- Items listed in a dataset:

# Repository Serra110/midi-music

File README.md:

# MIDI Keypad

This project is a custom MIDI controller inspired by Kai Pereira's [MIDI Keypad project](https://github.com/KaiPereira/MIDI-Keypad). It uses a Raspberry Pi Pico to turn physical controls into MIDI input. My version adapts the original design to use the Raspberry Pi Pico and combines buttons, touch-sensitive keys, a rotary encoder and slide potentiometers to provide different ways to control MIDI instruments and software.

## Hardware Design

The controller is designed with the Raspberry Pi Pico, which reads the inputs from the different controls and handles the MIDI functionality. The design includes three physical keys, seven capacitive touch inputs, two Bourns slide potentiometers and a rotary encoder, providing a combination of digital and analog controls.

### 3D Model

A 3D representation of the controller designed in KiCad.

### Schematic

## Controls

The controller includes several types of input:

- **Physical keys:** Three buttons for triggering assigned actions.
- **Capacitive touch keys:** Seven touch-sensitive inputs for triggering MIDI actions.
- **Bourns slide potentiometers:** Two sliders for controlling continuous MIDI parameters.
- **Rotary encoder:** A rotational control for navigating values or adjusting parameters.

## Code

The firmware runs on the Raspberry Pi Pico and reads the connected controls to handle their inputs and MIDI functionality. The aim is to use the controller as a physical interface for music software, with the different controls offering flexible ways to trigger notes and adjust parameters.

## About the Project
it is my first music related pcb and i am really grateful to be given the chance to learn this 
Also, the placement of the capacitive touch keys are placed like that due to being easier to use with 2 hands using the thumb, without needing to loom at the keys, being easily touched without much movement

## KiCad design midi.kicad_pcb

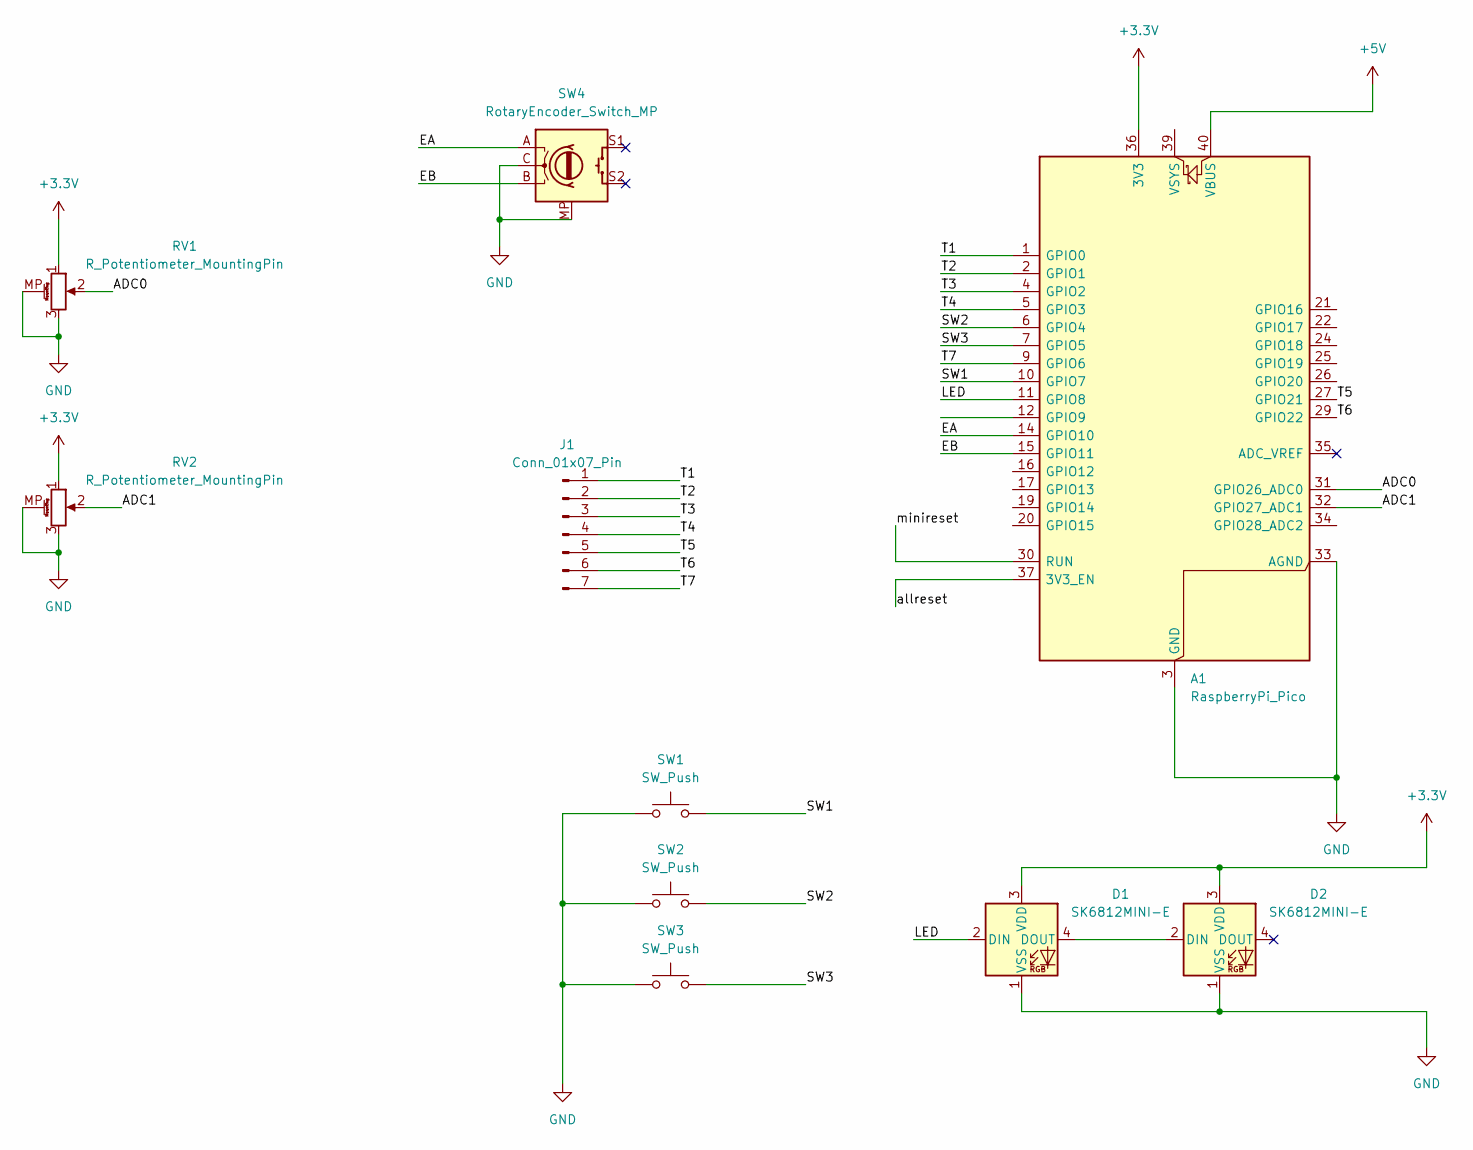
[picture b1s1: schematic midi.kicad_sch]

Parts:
A1: RaspberryPi_Pico; RaspberryPi_Pico_Common
D1, D2: SK6812MINI-E; LED_SK6812MINI-E_3.2x2.8mm_P1.5mm_ReverseMount
J1: Conn_01x07_Pin; Untitled
RV1, RV2: R_Potentiometer_MountingPin; Potentiometer_Bourns_PTA1543_Single_Slide
SW1, SW2, SW3: SW_Push; SW_Cherry_MX_1.00u_PCB
SW4: RotaryEncoder_Switch_MP; RotaryEncoder_Alps_EC11E-Switch_Vertical_H20mm

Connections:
+3.3V: A1.36 (3V3), D1.3 (VDD), D2.3 (VDD), RV1.1, RV2.1
+5V: A1.40 (VBUS)
/ADC0: A1.31 (GPIO26_ADC0), RV1.2
/ADC1: A1.32 (GPIO27_ADC1), RV2.2
/EA: A1.14 (GPIO10), SW4.A
/EB: A1.15 (GPIO11), SW4.B
/LED: A1.11 (GPIO8), D1.2 (DIN)
/SW1: A1.10 (GPIO7), SW1.2
/SW2: A1.6 (GPIO4), SW2.2
/SW3: A1.7 (GPIO5), SW3.2
/T1: A1.1 (GPIO0), J1.1
/T2: A1.2 (GPIO1), J1.2
/T3: A1.4 (GPIO2), J1.3
/T4: A1.5 (GPIO3), J1.4
/T5: A1.27 (GPIO21), J1.5
/T6: A1.29 (GPIO22), J1.6
/T7: A1.9 (GPIO6), J1.7
/allreset: A1.37 (3V3_EN)
/minireset: A1.30 (RUN)
GND: A1.3 (GND), A1.8 (GND), A1.13 (GND), A1.18 (GND), A1.23 (GND), A1.28 (GND), A1.33 (AGND), A1.38 (GND), D1.1 (VSS), D2.1 (VSS), RV1.3, RV1.MP (MountPin), RV2.3, RV2.MP (MountPin), SW1.1, SW2.1, SW3.1, SW4.C, SW4.MP
unnamed: D1.4 (DOUT), D2.2 (DIN)

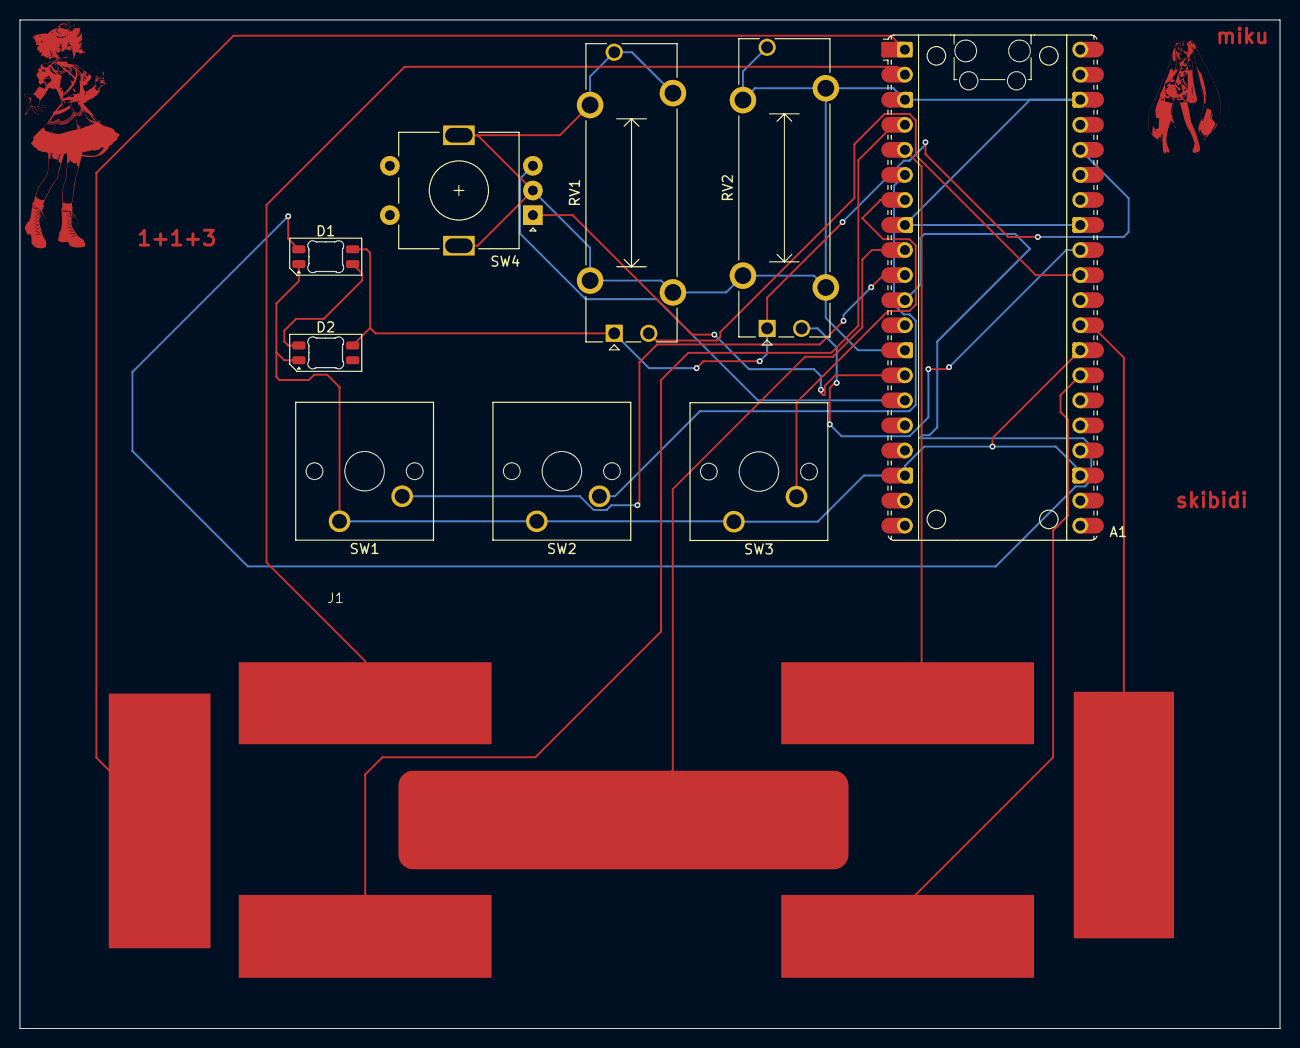
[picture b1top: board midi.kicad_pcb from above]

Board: 2 copper layers, 127.8 x 102.2 mm, 10 parts (0 on the bottom side), 18 nets.

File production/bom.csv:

Designator,Footprint,Quantity,Value,LCSC Part #
A1,RaspberryPi_Pico_Common,1,RaspberryPi_Pico,
"D1, D2",LED_SK6812MINI-E_3.2x2.8mm_P1.5mm_ReverseMount,2,SK6812MINI-E,
J1,Untitled,1,Conn_01x07_Pin,
"RV1, RV2",Potentiometer_Bourns_PTA1543_Single_Slide,2,R_Potentiometer_MountingPin,
"SW1, SW2, SW3",SW_Cherry_MX_1.00u_PCB,3,SW_Push,
SW4,RotaryEncoder_Alps_EC11E-Switch_Vertical_H20mm,1,RotaryEncoder_Switch_MP,

- Description of the task: Within the data above, the span starting at the line containing "RV1, RV2: R_Potentiometer_MountingPin;" and ending at the line containing "A1.10 (GPIO7), SW1.2" is to be retyped exactly, with no other lines.

- Answer to this problem:
RV1, RV2: R_Potentiometer_MountingPin; Potentiometer_Bourns_PTA1543_Single_Slide
SW1, SW2, SW3: SW_Push; SW_Cherry_MX_1.00u_PCB
SW4: RotaryEncoder_Switch_MP; RotaryEncoder_Alps_EC11E-Switch_Vertical_H20mm

Connections:
+3.3V: A1.36 (3V3), D1.3 (VDD), D2.3 (VDD), RV1.1, RV2.1
+5V: A1.40 (VBUS)
/ADC0: A1.31 (GPIO26_ADC0), RV1.2
/ADC1: A1.32 (GPIO27_ADC1), RV2.2
/EA: A1.14 (GPIO10), SW4.A
/EB: A1.15 (GPIO11), SW4.B
/LED: A1.11 (GPIO8), D1.2 (DIN)
/SW1: A1.10 (GPIO7), SW1.2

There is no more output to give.